Background: The impact of sleep duration on cognition, particularly in the context of poststroke cognitive impairment, is not fully understood. Therefore, our objective was to investigate how sleep duration after stroke predicts poststroke cognitive impairment.
Methods and results: Patients admitted with acute stroke between 2015 and 2017 were consecutively recruited to the Nor-COAST (Norwegian Cognitive Impairment After Stroke) study and invited to follow-up assessments at 3 and 18 months. Time in bed, used as a surrogate for sleep duration at 3 months post stroke, was measured using the activPAL thigh-worn sensor over a 3-day period. Sleep duration was categorized into 3 groups: <7 hours (insufficient), 7 to 9 hours (reference), and ≥9 hours (excessive). Cognitive impairment was assessed based on the Diagnostic and Statistical Manual of Mental Disorders (Fifth Edition) criteria at 3- and 18-month follow-up. Out of the 815 patients, we included 443 (54%) prestroke cognitive healthy with valid activPAL registration in this analysis.

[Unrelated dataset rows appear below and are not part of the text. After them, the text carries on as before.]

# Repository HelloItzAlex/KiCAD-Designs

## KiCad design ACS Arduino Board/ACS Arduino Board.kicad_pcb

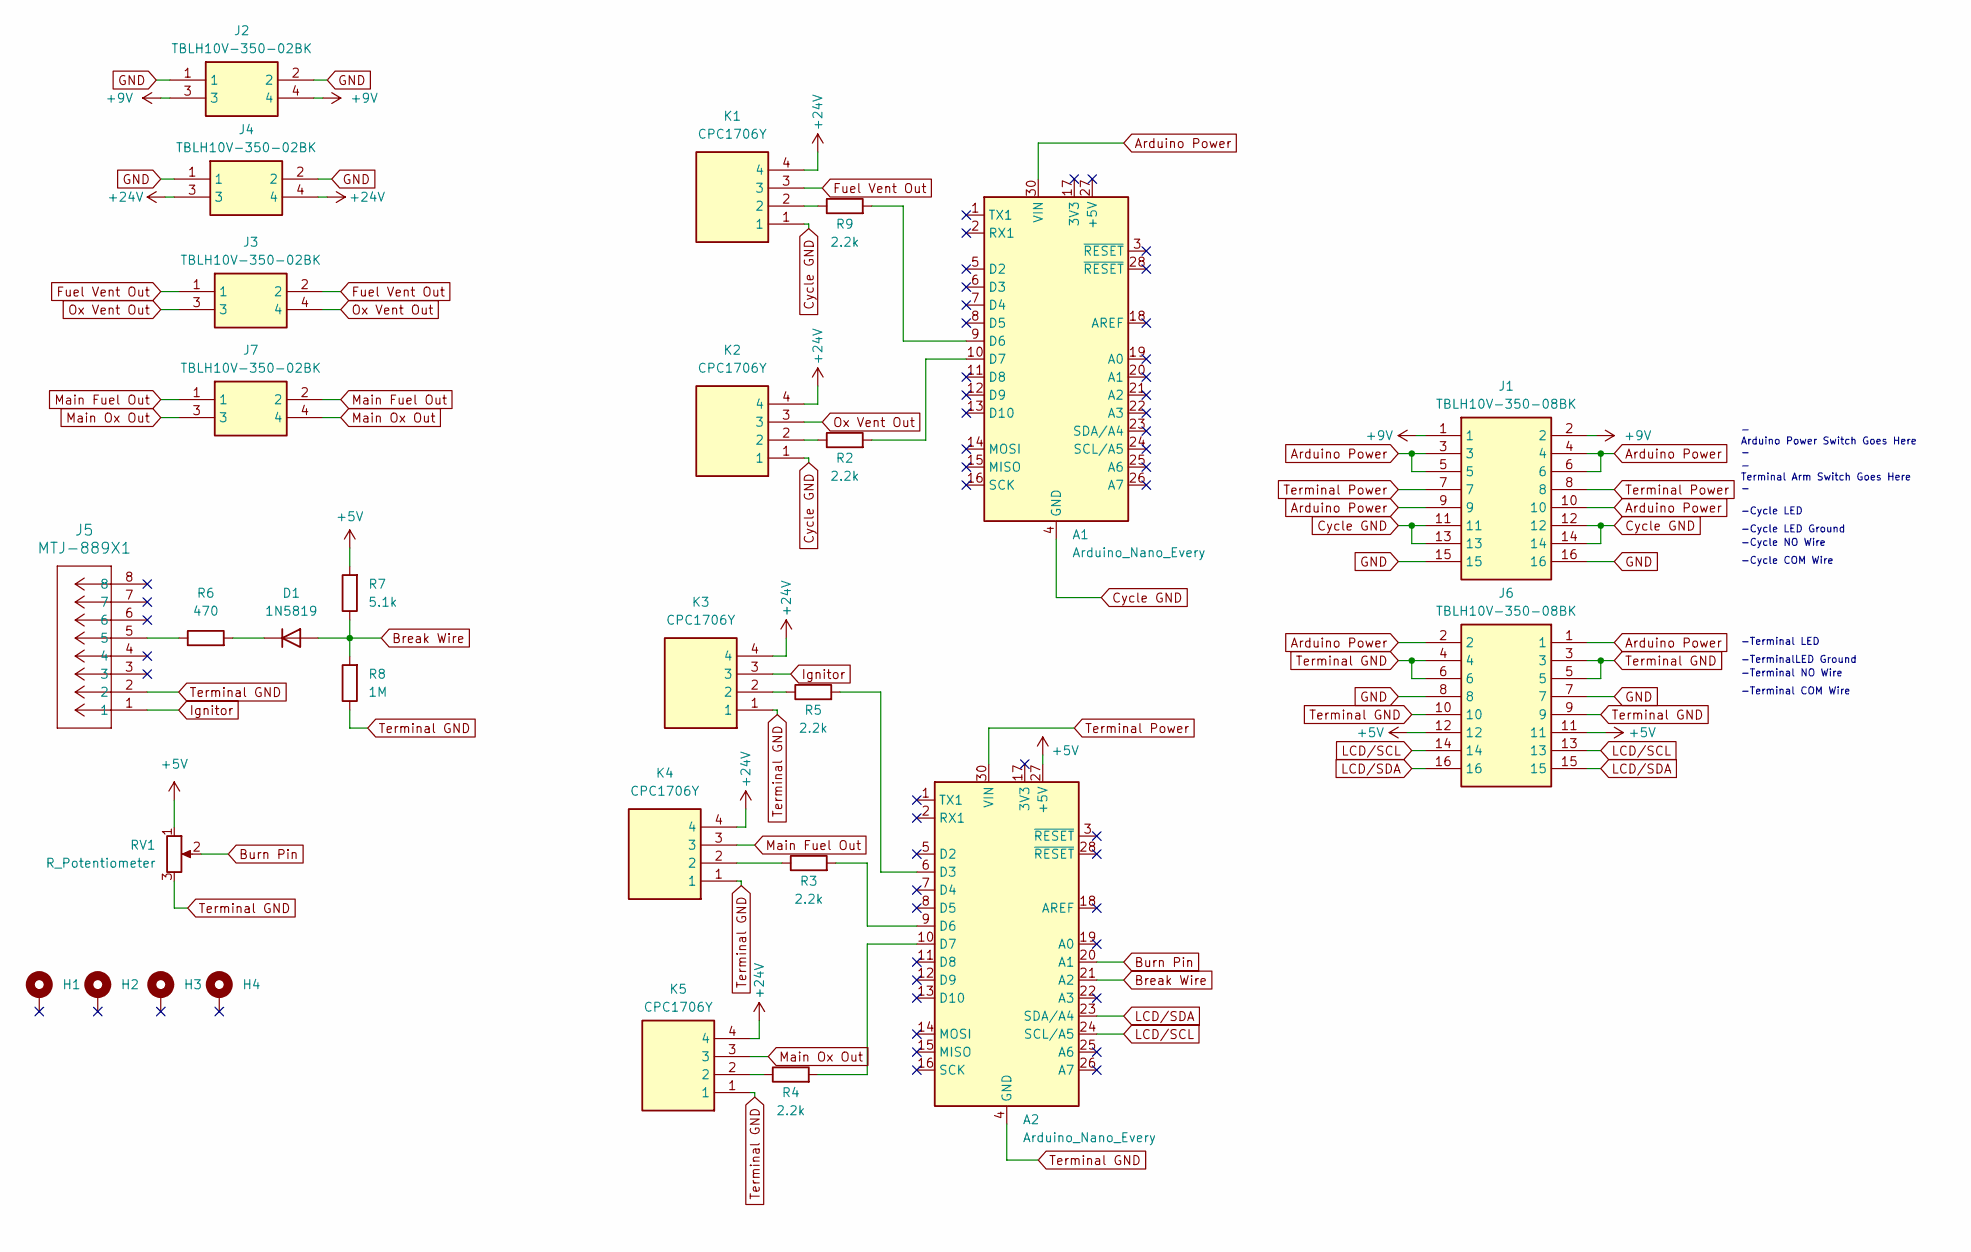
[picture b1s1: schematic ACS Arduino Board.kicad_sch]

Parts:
A1, A2: Arduino_Nano_Every; Arduino_Nano
D1: 1N5819; D_A-405_P7.62mm_Horizontal
H1, H2, H3, H4: MountingHole_Pad; MountingHole_3.2mm_M3_DIN965_Pad_TopBottom
J1, J6: TBLH10V-350-08BK; RHDR16W80P550X350_2X8_2870X850X1420P; Mouser Part Number 490-TBLH10V-350-08BK
J2, J3, J4, J7: TBLH10V-350-02BK; RHDR4W80P550X350_2X2_770X850X1420P; Mouser Part Number 490-TBLH10V-350-02BK
J5: MTJ-889X1; CONN_MTJ-889X1_ADM
K1, K2, K3, K4, K5: CPC1706Y; Mouser Part Number 849-CPC1706Y
R2, R3, R4, R5, R9: 2.2k; R_Axial_DIN0207_L6.3mm_D2.5mm_P7.62mm_Horizontal
R6: 470; R_Axial_DIN0207_L6.3mm_D2.5mm_P7.62mm_Horizontal
R7: 5.1k; R_Axial_DIN0207_L6.3mm_D2.5mm_P7.62mm_Horizontal
R8: 1M; R_Axial_DIN0207_L6.3mm_D2.5mm_P7.62mm_Horizontal
RV1: R_Potentiometer; PinSocket_1x03_P2.54mm_Vertical

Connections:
+5V: A2.27 (+5V), J6.11, J6.12, R7.2, RV1.1
+9V: J1.1, J1.2, J2.3, J2.4
+24V: J4.3, J4.4, K1.4, K2.4, K3.4, K4.4, K5.4
Arduino Power: A1.30 (VIN), J1.3, J1.4, J1.5, J1.6, J1.9, J1.10, J6.1, J6.2
Break Wire: A2.21 (A2), D1.2 (A), R7.1, R8.2
Burn Pin: A2.20 (A1), RV1.2
Cycle GND: A1.4 (GND), A1.29 (GND), J1.11, J1.12, J1.13, J1.14, K1.1, K2.1
Fuel Vent Out: J3.1, J3.2, K1.3
GND: J1.15, J1.16, J2.1, J2.2, J4.1, J4.2, J6.7, J6.8
Ignitor: J5.1, K3.3
LCD/SCL: A2.24 (SCL/A5), J6.13, J6.14
LCD/SDA: A2.23 (SDA/A4), J6.15, J6.16
Main Fuel Out: J7.1, J7.2, K4.3
Main Ox Out: J7.3, J7.4, K5.3
unnamed: A1.9 (D6), R9.2
unnamed: A1.10 (D7), R2.2
unnamed: A2.6 (D3), R5.2
unnamed: A2.9 (D6), R3.2
unnamed: A2.10 (D7), R4.2
unnamed: D1.1 (K), R6.2
unnamed: J5.5, R6.1
unnamed: K1.2, R9.1
unnamed: K2.2, R2.1
unnamed: K3.2, R5.1
unnamed: K4.2, R3.1
unnamed: K5.2, R4.1
Ox Vent Out: J3.3, J3.4, K2.3
Terminal GND: A2.4 (GND), A2.29 (GND), J5.2, J6.3, J6.4, J6.5, J6.6, J6.9, J6.10, K3.1, K4.1, K5.1, R8.1, RV1.3
Terminal Power: A2.30 (VIN), J1.7, J1.8

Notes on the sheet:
-Cycle LED Ground
-Cycle NO Wire
-Cycle LED
- Terminal Arm Switch Goes Here -
-Terminal LED
-TerminalLED Ground
-Terminal COM Wire
- Arduino Power Switch Goes Here -
-Cycle COM Wire
-Terminal NO Wire

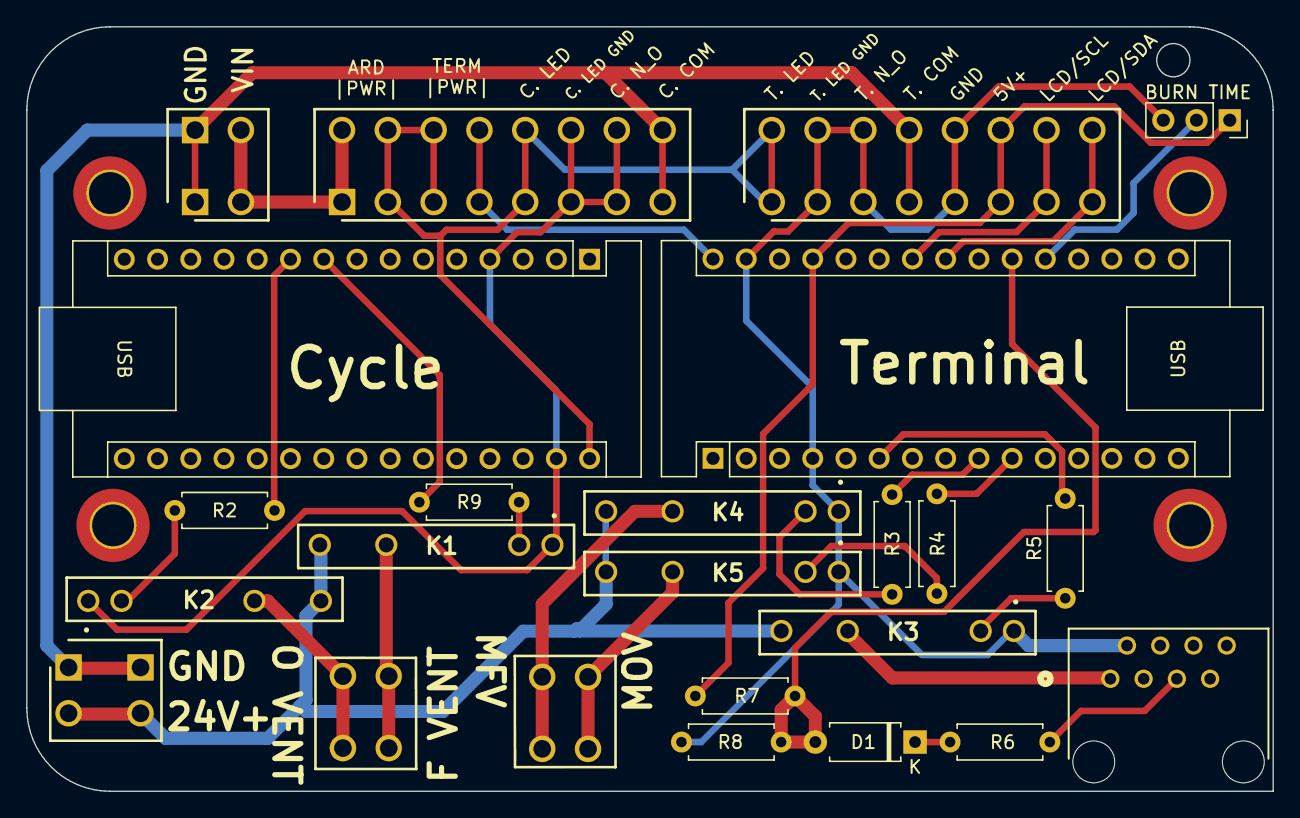
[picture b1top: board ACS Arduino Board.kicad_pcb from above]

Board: 2 copper layers, 95.2 x 58.4 mm, 28 parts (0 on the bottom side), 29 nets.

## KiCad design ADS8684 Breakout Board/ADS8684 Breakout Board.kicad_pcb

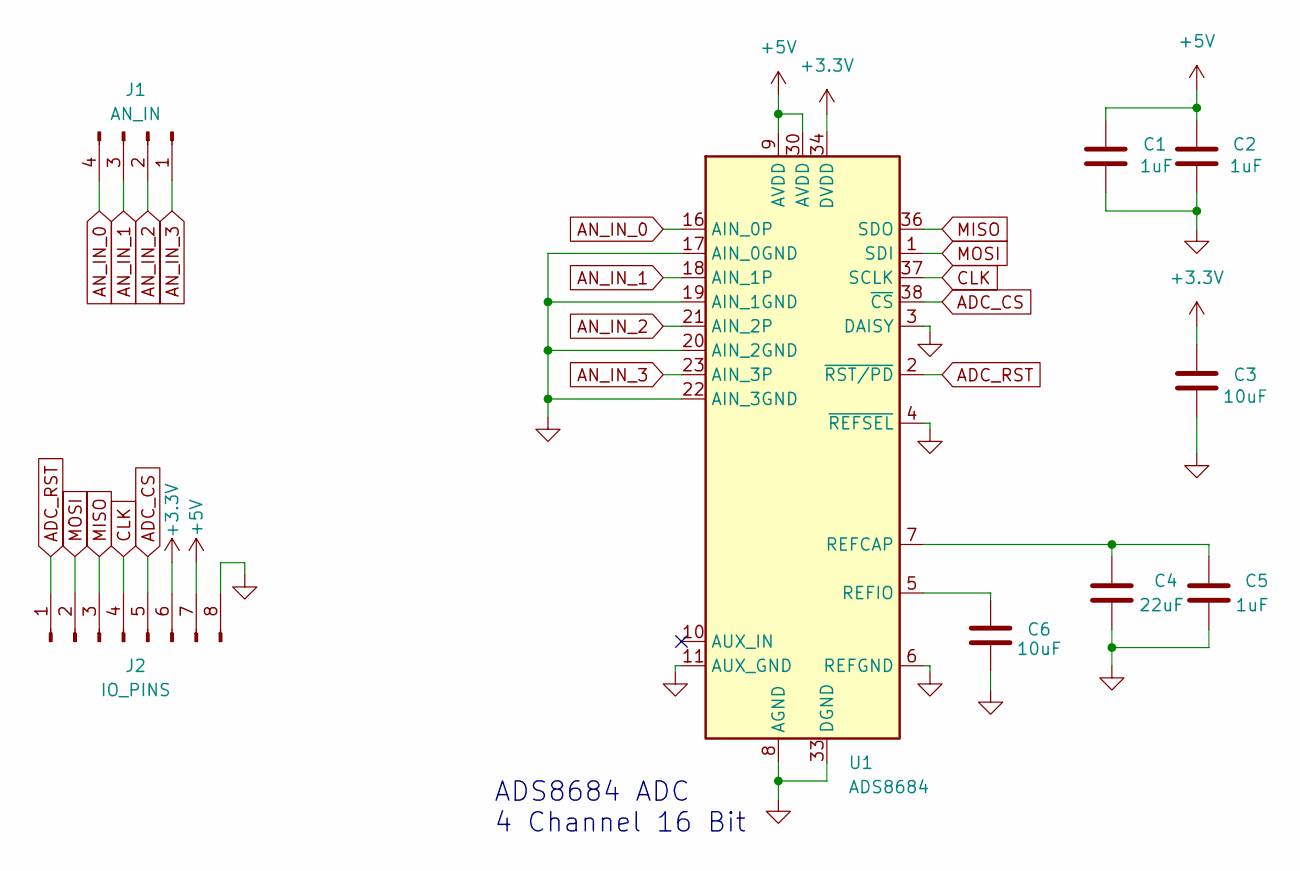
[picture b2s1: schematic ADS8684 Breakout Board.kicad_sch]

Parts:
C1, C2, C5: 1uF; C_0603_1608Metric
C3: 10uF; C_0805_2012Metric
C4: 22uF; C_1210_3225Metric
C6: 10uF; C_0603_1608Metric
J1: AN_IN; PinHeader_1x04_P2.54mm_Vertical
J2: IO_PINS; PinHeader_1x08_P2.54mm_Vertical
U1: ADS8684; TSSOP-38_4.4x9.7mm_P0.5mm

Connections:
+3.3V: C3.2, J2.6, U1.34 (DVDD)
+5V: C1.2, C2.2, J2.7, U1.9 (AVDD), U1.30 (AVDD)
ADC_CS: J2.5, U1.38 (~CS)
ADC_RST: J2.1, U1.2 (~RST/PD)
AN_IN_0: J1.4, U1.16 (AIN_0P)
AN_IN_1: J1.3, U1.18 (AIN_1P)
AN_IN_2: J1.2, U1.21 (AIN_2P)
AN_IN_3: J1.1, U1.23 (AIN_3P)
CLK: J2.4, U1.37 (SCLK)
GND: C1.1, C2.1, C3.1, C4.1, C5.1, C6.2, J2.8, U1.3 (DAISY), U1.4 (~REFSEL), U1.6 (REFGND), U1.8 (AGND), U1.11 (AUX_GND), U1.17 (AIN_0GND), U1.19 (AIN_1GND), U1.20 (AIN_2GND), U1.22 (AIN_3GND), U1.28 (AGND), U1.29 (AGND), U1.31 (AGND), U1.32 (AGND), U1.33 (DGND)
MISO: J2.3, U1.36 (SDO)
MOSI: J2.2, U1.1 (SDI)
unnamed: C4.2, C5.2, U1.7 (REFCAP)
unnamed: C6.1, U1.5 (REFIO)

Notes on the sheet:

Mean±SD age was 71.2±11.4 years, 185 (42%) were women, 363 (82%) had prestroke modified Rankin Scale score <2, and 345 (78%) suffered a minor stroke (National Institutes of Health Stroke Scale score ≤5). On average, participants spent 8.3±1.4 hours in bed each night, 17.2% had a sleep duration <7 hours, and 25% slept more than 9 hours. Insufficient (odds ratio [OR], 3.6 [95% CI, 1.3-10.2], and OR, 1.4 [95% CI, 0.5-3.8]) and excessive (OR, 2.8 [95% CI, 1.1-7.5], and OR, 3.3 [95% CI, 1.3-8.1]) sleep duration were associated with an increased risk of cognitive impairment at 3- and 18-month follow-up, respectively.
Conclusions: Insufficient or excessive sleep duration was associated with poststroke cognitive impairment.
Keywords: poststroke cognitive impairment; sleep duration.